* [Provided records]

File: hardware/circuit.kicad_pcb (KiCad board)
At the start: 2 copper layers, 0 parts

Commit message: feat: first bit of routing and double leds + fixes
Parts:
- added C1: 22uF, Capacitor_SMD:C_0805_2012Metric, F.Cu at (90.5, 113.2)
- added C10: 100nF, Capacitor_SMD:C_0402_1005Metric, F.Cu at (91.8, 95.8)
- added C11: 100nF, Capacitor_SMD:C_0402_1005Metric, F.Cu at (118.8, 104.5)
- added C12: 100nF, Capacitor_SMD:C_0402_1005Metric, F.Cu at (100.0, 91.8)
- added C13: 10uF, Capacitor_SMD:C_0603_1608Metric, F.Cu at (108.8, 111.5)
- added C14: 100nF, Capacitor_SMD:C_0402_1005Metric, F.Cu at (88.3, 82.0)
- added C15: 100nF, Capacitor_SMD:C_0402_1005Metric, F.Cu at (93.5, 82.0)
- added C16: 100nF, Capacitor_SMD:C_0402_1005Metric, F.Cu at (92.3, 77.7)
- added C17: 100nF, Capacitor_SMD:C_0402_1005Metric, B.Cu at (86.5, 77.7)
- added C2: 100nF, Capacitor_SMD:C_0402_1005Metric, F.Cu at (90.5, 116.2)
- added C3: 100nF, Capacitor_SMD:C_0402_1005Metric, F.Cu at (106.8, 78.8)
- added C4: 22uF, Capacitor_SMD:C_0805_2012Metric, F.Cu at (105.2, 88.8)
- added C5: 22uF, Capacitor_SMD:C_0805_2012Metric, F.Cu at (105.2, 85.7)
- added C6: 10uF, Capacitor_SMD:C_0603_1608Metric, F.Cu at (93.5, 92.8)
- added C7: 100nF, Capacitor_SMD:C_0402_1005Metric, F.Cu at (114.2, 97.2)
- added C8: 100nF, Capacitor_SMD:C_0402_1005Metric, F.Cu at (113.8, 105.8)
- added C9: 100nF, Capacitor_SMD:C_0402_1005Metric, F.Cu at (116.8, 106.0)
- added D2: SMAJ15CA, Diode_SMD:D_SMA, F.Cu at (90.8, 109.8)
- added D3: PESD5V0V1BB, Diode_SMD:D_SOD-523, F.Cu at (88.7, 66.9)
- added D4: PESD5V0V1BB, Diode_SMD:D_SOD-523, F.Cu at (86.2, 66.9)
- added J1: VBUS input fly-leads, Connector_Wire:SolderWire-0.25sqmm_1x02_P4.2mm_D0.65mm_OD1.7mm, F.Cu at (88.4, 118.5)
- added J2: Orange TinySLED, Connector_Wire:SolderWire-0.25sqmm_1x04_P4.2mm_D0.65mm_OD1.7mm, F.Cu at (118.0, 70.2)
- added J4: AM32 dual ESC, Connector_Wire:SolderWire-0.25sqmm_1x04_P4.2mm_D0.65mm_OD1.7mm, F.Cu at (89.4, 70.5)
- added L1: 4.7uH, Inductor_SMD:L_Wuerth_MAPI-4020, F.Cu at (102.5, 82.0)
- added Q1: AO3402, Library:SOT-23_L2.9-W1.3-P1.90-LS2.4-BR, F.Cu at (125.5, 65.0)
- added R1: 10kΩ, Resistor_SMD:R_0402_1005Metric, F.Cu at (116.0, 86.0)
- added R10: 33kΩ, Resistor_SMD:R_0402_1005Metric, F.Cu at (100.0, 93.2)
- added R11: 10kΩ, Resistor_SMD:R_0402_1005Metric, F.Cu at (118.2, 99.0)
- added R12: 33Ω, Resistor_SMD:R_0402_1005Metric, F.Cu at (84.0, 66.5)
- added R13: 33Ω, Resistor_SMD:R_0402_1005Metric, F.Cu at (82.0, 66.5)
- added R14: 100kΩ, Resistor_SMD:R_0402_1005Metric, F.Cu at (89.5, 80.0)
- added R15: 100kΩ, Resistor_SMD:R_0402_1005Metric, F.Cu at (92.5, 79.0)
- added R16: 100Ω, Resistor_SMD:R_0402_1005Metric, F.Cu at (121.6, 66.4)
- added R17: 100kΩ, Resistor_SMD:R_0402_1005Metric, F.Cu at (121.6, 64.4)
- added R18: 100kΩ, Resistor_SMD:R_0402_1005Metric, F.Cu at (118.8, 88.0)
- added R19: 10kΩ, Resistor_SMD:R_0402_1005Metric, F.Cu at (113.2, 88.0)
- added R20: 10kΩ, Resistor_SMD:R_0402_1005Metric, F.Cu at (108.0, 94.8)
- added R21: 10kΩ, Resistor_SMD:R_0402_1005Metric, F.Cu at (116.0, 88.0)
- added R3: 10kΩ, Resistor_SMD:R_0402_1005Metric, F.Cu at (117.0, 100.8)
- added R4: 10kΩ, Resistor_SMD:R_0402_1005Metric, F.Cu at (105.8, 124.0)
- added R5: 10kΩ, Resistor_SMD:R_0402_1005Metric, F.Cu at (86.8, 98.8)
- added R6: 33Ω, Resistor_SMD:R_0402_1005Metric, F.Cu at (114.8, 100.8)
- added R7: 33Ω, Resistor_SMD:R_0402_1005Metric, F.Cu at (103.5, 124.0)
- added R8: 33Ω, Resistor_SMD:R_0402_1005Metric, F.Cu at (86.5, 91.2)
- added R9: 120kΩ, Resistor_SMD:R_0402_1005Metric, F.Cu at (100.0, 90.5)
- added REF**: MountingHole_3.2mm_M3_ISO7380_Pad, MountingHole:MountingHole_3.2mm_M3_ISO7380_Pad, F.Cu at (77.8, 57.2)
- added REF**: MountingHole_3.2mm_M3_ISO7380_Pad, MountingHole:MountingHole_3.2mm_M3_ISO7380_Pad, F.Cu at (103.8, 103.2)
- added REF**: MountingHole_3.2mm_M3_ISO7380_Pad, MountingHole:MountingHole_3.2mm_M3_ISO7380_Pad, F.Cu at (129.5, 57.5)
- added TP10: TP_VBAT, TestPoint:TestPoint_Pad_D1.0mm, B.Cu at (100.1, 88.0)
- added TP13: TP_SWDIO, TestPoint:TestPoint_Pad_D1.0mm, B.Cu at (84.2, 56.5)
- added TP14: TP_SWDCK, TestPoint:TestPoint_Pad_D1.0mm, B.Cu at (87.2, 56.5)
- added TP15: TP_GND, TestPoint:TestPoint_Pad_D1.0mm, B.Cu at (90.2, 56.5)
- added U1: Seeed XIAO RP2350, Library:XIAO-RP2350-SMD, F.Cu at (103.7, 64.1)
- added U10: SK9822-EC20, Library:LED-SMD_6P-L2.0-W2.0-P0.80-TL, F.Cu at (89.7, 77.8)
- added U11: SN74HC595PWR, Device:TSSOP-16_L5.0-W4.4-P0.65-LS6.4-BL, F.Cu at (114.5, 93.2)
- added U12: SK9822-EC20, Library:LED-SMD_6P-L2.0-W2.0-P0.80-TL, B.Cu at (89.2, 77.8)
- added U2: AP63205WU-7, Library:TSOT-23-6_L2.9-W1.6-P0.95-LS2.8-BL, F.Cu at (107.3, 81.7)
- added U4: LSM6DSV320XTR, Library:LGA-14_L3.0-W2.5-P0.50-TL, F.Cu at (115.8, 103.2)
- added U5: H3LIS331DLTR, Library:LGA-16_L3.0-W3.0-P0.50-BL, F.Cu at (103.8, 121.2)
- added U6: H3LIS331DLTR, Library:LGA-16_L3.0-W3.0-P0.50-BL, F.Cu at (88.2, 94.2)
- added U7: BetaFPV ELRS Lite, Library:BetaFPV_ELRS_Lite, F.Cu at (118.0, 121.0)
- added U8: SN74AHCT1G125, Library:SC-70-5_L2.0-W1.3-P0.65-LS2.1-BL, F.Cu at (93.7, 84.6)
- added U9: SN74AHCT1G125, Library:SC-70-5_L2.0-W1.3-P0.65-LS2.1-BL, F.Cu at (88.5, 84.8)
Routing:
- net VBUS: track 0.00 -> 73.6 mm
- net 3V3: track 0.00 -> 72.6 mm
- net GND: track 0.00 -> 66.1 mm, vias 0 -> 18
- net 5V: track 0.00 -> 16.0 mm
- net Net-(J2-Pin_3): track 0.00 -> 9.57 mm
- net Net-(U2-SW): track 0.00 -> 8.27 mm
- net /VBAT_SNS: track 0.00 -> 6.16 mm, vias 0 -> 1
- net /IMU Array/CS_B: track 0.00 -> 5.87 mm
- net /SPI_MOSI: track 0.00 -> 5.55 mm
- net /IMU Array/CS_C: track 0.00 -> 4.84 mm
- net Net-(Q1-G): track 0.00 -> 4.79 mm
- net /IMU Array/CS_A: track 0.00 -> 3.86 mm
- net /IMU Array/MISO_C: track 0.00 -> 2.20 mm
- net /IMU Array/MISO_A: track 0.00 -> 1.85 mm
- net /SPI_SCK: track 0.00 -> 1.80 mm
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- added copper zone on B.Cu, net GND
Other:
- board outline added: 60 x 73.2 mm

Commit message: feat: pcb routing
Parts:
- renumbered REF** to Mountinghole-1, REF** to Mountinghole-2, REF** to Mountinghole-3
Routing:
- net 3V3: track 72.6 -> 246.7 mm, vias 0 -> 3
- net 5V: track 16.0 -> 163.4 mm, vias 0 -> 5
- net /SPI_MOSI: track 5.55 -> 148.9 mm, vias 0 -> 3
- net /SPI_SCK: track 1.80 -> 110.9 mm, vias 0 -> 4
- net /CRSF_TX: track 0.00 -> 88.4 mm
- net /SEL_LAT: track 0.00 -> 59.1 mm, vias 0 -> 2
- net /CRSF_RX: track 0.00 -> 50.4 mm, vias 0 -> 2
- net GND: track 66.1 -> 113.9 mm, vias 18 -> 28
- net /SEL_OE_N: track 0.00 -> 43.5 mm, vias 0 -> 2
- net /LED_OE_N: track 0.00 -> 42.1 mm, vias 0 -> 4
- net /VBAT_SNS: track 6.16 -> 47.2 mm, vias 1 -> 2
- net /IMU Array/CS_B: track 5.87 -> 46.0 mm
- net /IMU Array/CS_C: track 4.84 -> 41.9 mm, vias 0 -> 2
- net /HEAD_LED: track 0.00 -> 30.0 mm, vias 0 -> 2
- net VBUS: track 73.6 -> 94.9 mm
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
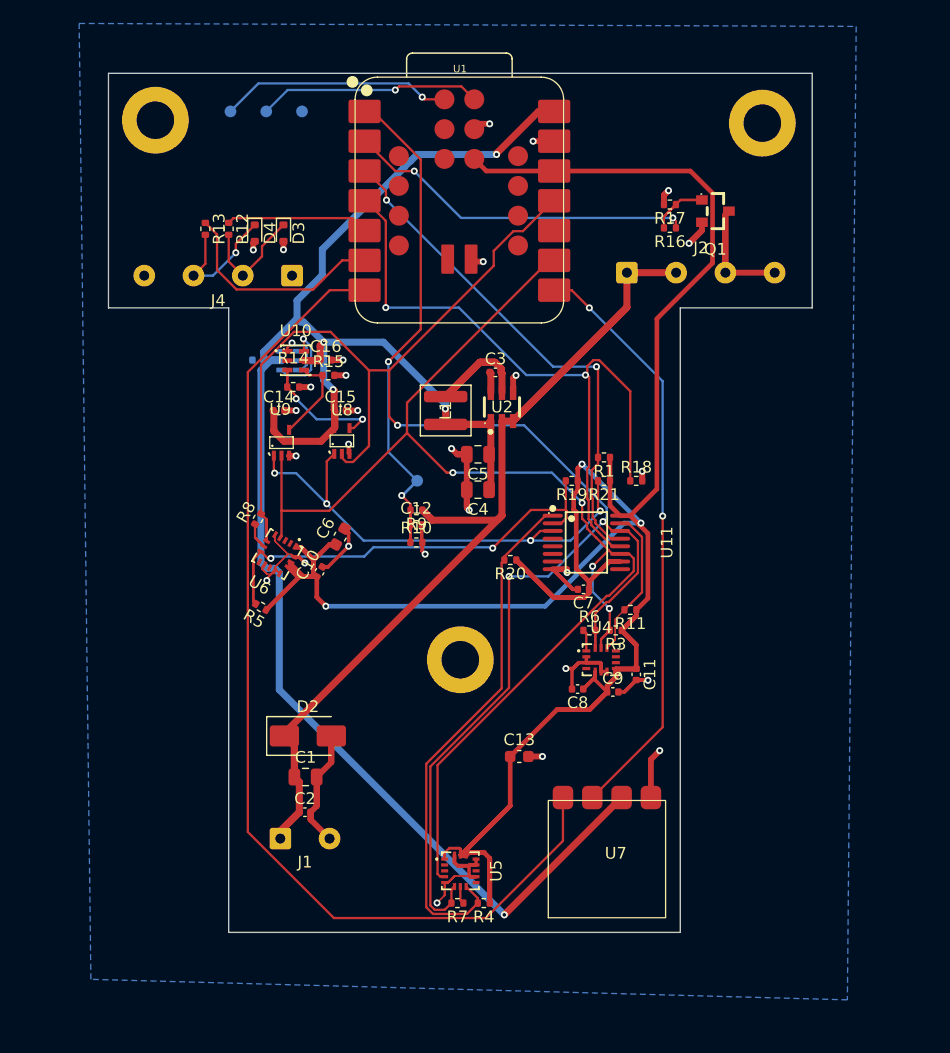
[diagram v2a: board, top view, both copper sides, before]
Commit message: feat: 4 layer route
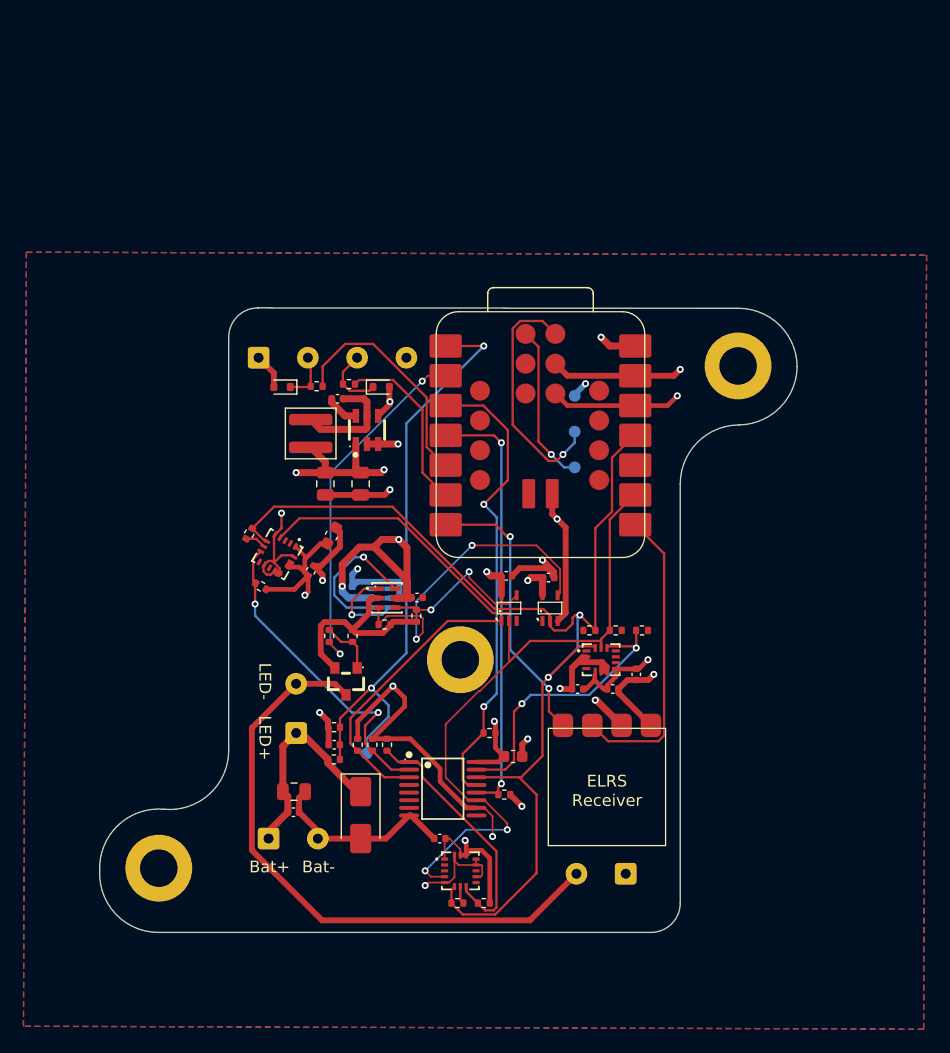
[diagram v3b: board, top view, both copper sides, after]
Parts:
- removed Mountinghole-1: MountingHole_3.2mm_M3_ISO7380_Pad, MountingHole:MountingHole_3.2mm_M3_ISO7380_Pad
- added J3: Orange TinySLED, Connector_Wire:SolderWire-0.25sqmm_1x02_P4.2mm_D0.65mm_OD1.7mm, F.Cu at (117.8, 121.5)
- added MountingHole-2: MountingHole_3.2mm_M3_ISO7380_Pad, MountingHole:MountingHole_3.2mm_M3_ISO7380_Pad, F.Cu at (127.4, 78.2)
- J2: footprint Connector_Wire:SolderWire-0.25sqmm_1x04_P4.2mm_D0.65mm_OD1.7mm -> Connector_Wire:SolderWire-0.25sqmm_1x02_P4.2mm_D0.65mm_OD1.7mm
- moved Mountinghole-2 63.8 mm to (78.0, 121.0)
- moved Q1 51.0 mm to (94.0, 105.1), turned to 90 degrees
- moved J2 48.3 mm to (89.8, 109.5), turned to 90 degrees
- moved R17 45.7 mm to (94.6, 101.2), turned to 90 degrees
- moved R16 45.3 mm to (92.6, 101.2), turned to 90 degrees
- moved TP13 42.2 mm to (113.5, 86.8), turned to 0 degrees
- moved TP14 37.9 mm to (113.5, 83.8), turned to 0 degrees
- moved TP15 33.6 mm to (113.5, 80.8), turned to 0 degrees
- moved R21 30.8 mm to (95.0, 110.5), turned to -90 degrees
- moved R18 29.0 mm to (107.5, 114.8)
- moved R19 28.2 mm to (96.2, 110.5), turned to -90 degrees
- moved R1 25.4 mm to (106.2, 109.5)
- moved C7 24.5 mm to (102.0, 118.5)
- moved U11 24.3 mm to (102.2, 114.2)
- moved C14 24.0 mm to (107.7, 96.1)
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- renumbered U7 to ELRS
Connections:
- J2 pad 2: VBUS -> Net-(J2-Pin_2)
- Q1 pad 3: Net-(J2-Pin_3) -> Net-(J2-Pin_2)
- R15 pad 1: /Status Leds/LED_CK -> GND
- R15 pad 2: GND -> /Status Leds/LED_CK
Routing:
- net 3V3: track 246.7 -> 78.0 mm, vias 3 -> 7
- net 5V: track 163.4 -> 49.1 mm, vias 5 -> 8
- net /CRSF_TX: track 88.4 -> 23.9 mm, vias 0 -> 2
- net Net-(J2-Pin_2): track 0.00 -> 52.2 mm
- net /SPI_MOSI: track 148.9 -> 100.4 mm, vias 3 -> 2
- net VBUS: track 94.9 -> 60.6 mm, vias 0 -> 1
- net /SPI_SCK: track 110.9 -> 81.0 mm, vias 4 -> 2
- net /CRSF_RX: track 50.4 -> 25.9 mm, vias 2 -> 0
- net /IMU Array/CS_B: track 46.0 -> 22.4 mm
- net /SEL_LAT: track 59.1 -> 37.1 mm
- net GND: track 113.9 -> 133.8 mm, vias 28 -> 15
- net /LED_OE_N: track 42.1 -> 24.6 mm, vias 4 -> 0
- net /Status Leds/LED_DI: track 12.0 -> 28.2 mm
- net Net-(J2-Pin_3): track 14.5 -> 0.00 mm
- net /IMU Array/CS_C: track 41.9 -> 27.6 mm
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- added copper zone on In1.Cu, net 3V3
- added copper zone on In1.Cu, net 5V
- added copper zone on F.Cu, net GND
- added copper zone on In2.Cu, net GND
- added copper zone on In1.Cu, net VBUS
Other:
- board size 60 x 73.2 mm -> 59.5 x 53.2 mm
- copper layers 2 -> 4
- board text added: "Bat+"
- board text added: "Bat-"
- board text added: "LED+"
- board text added: "LED-"
- board text added: "Receiver"

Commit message: feat: add stiching vias
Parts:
- moved TP15 0.25 mm to (113.5, 81.0)
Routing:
- net 5V: track 49.1 -> 61.7 mm
- net GND: track 133.8 -> 133.4 mm, vias 15 -> 42
- net VBUS: vias 1 -> 2
- net 3V3: vias 7 -> 8
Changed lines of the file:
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@@
 		(placed yes)
 		(layer "B.Cu")
-		(at 113.5 80.75)
+		(at 113.5 81)
 		(descr "SMD pad as test Point, diameter 1.0mm")
 		(tags "test point SMD pad")
@@
 	)
 	(via
+		(at 122 84)
+		(size 0.6)
+		(drill 0.3)
+		(layers "F.Cu" "B.Cu")
+		(net "3V3")
+	)
+	(via
 		(at 106.65 108.5)
 		(size 0.6)
@@
 	)
 	(via
+		(at 84.75 124.25)
+		(size 0.6)
+		(drill 0.3)
+		(layers "F.Cu" "B.Cu")
+		(net "GND")
+	)
+	(via
+		(at 76.5 117.25)
+		(size 0.6)
+		(drill 0.3)
+		(layers "F.Cu" "B.Cu")
+		(net "GND")
+	)
+	(via
+		(at 97 123.75)
+		(size 0.6)
+		(drill 0.3)
+		(layers "F.Cu" "B.Cu")
+		(net "GND")
+	)
+	(via
 		(at 109.5 110)
 		(size 0.6)
@@
 	)
 	(via
+		(at 92.75 116)
+		(size 0.6)
+		(drill 0.3)
+		(layers "F.Cu" "B.Cu")
+		(net "GND")
+	)
+	(via
 		(at 91.75 107.75)
 		(size 0.6)
@@
 	)
 	(via
+		(at 113.742883 95.863195)
+		(size 0.6)
+		(drill 0.3)
+		(layers "F.Cu" "B.Cu")
+		(net "GND")
+	)
+	(via
 		(at 112.25 105.7)
 		(size 0.6)
@@
 	)
 	(via
-		(at 114.428623 79.713109)
+		(at 111.75 82.75)
+		(size 0.6)
+		(drill 0.3)
+		(layers "F.Cu" "B.Cu")
+		(net "GND")
+	)
+	(via
+		(at 113.5 79.75)
+		(size 0.6)
+		(drill 0.3)
+		(layers "F.Cu" "B.Cu")
+		(net "GND")
+	)
+	(via
+		(at 124.5 81.25)
+		(size 0.6)
+		(drill 0.3)
+		(layers "F.Cu" "B.Cu")
+		(net "GND")
+	)
+	(via
+		(at 114.25 90.5)
 		(size 0.6)
 		(drill 0.3)
@@
 	)
 	(via
+		(at 87.25 86.75)
+		(size 0.6)
+		(drill 0.3)
+		(layers "F.Cu" "B.Cu")
+		(net "GND")
+	)
+	(via
+		(at 83.5 121)
+		(size 0.6)
+		(drill 0.3)
+		(layers "F.Cu" "B.Cu")
+		(net "GND")
+	)
+	(via
+		(at 121.5 89.25)
+		(size 0.6)
+		(drill 0.3)
+		(layers "F.Cu" "B.Cu")
+		(net "GND")
+	)
+	(via
+		(at 119.5 106.25)
+		(size 0.6)
+		(drill 0.3)
+		(layers "F.Cu" "B.Cu")
+		(net "GND")
+	)
+	(via
 		(at 100.75 122.5)
 		(size 0.6)
@@
 	)
 	(via
+		(at 82 124.25)
+		(size 0.6)
+		(drill 0.3)
+		(layers "F.Cu" "B.Cu")
+		(net "GND")
+	)
+	(via
+		(at 114.25 76.75)
+		(size 0.6)
+		(drill 0.3)
+		(layers "F.Cu" "B.Cu")
+		(net "GND")
+	)
+	(via
 		(at 88.5 90.75)
 		(size 0.6)
@@
 	)
 	(via
+		(at 125 74.5)
+		(size 0.6)
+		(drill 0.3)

* [Instructions to follow] Within the material above, output exactly the lines from the one with "- net 3V3: track 246.7" through the one with "- net 3V3: vias 7 -> 8", end lines included, and nothing besides.

* [Answer to this exercise]
- net 3V3: track 246.7 -> 78.0 mm, vias 3 -> 7
- net 5V: track 163.4 -> 49.1 mm, vias 5 -> 8
- net /CRSF_TX: track 88.4 -> 23.9 mm, vias 0 -> 2
- net Net-(J2-Pin_2): track 0.00 -> 52.2 mm
- net /SPI_MOSI: track 148.9 -> 100.4 mm, vias 3 -> 2
- net VBUS: track 94.9 -> 60.6 mm, vias 0 -> 1
- net /SPI_SCK: track 110.9 -> 81.0 mm, vias 4 -> 2
- net /CRSF_RX: track 50.4 -> 25.9 mm, vias 2 -> 0
- net /IMU Array/CS_B: track 46.0 -> 22.4 mm
- net /SEL_LAT: track 59.1 -> 37.1 mm
- net GND: track 113.9 -> 133.8 mm, vias 28 -> 15
- net /LED_OE_N: track 42.1 -> 24.6 mm, vias 4 -> 0
- net /Status Leds/LED_DI: track 12.0 -> 28.2 mm
- net Net-(J2-Pin_3): track 14.5 -> 0.00 mm
- net /IMU Array/CS_C: track 41.9 -> 27.6 mm
- added copper zone on In1.Cu, net 3V3
- added copper zone on In1.Cu, net 5V
- added copper zone on F.Cu, net GND
- added copper zone on In2.Cu, net GND
- added copper zone on In1.Cu, net VBUS
Other:
- board size 60 x 73.2 mm -> 59.5 x 53.2 mm
- copper layers 2 -> 4
- board text added: "Bat+"
- board text added: "Bat-"
- board text added: "LED+"
- board text added: "LED-"
- board text added: "Receiver"

Commit message: feat: add stiching vias
Parts:
- moved TP15 0.25 mm to (113.5, 81.0)
Routing:
- net 5V: track 49.1 -> 61.7 mm
- net GND: track 133.8 -> 133.4 mm, vias 15 -> 42
- net VBUS: vias 1 -> 2
- net 3V3: vias 7 -> 8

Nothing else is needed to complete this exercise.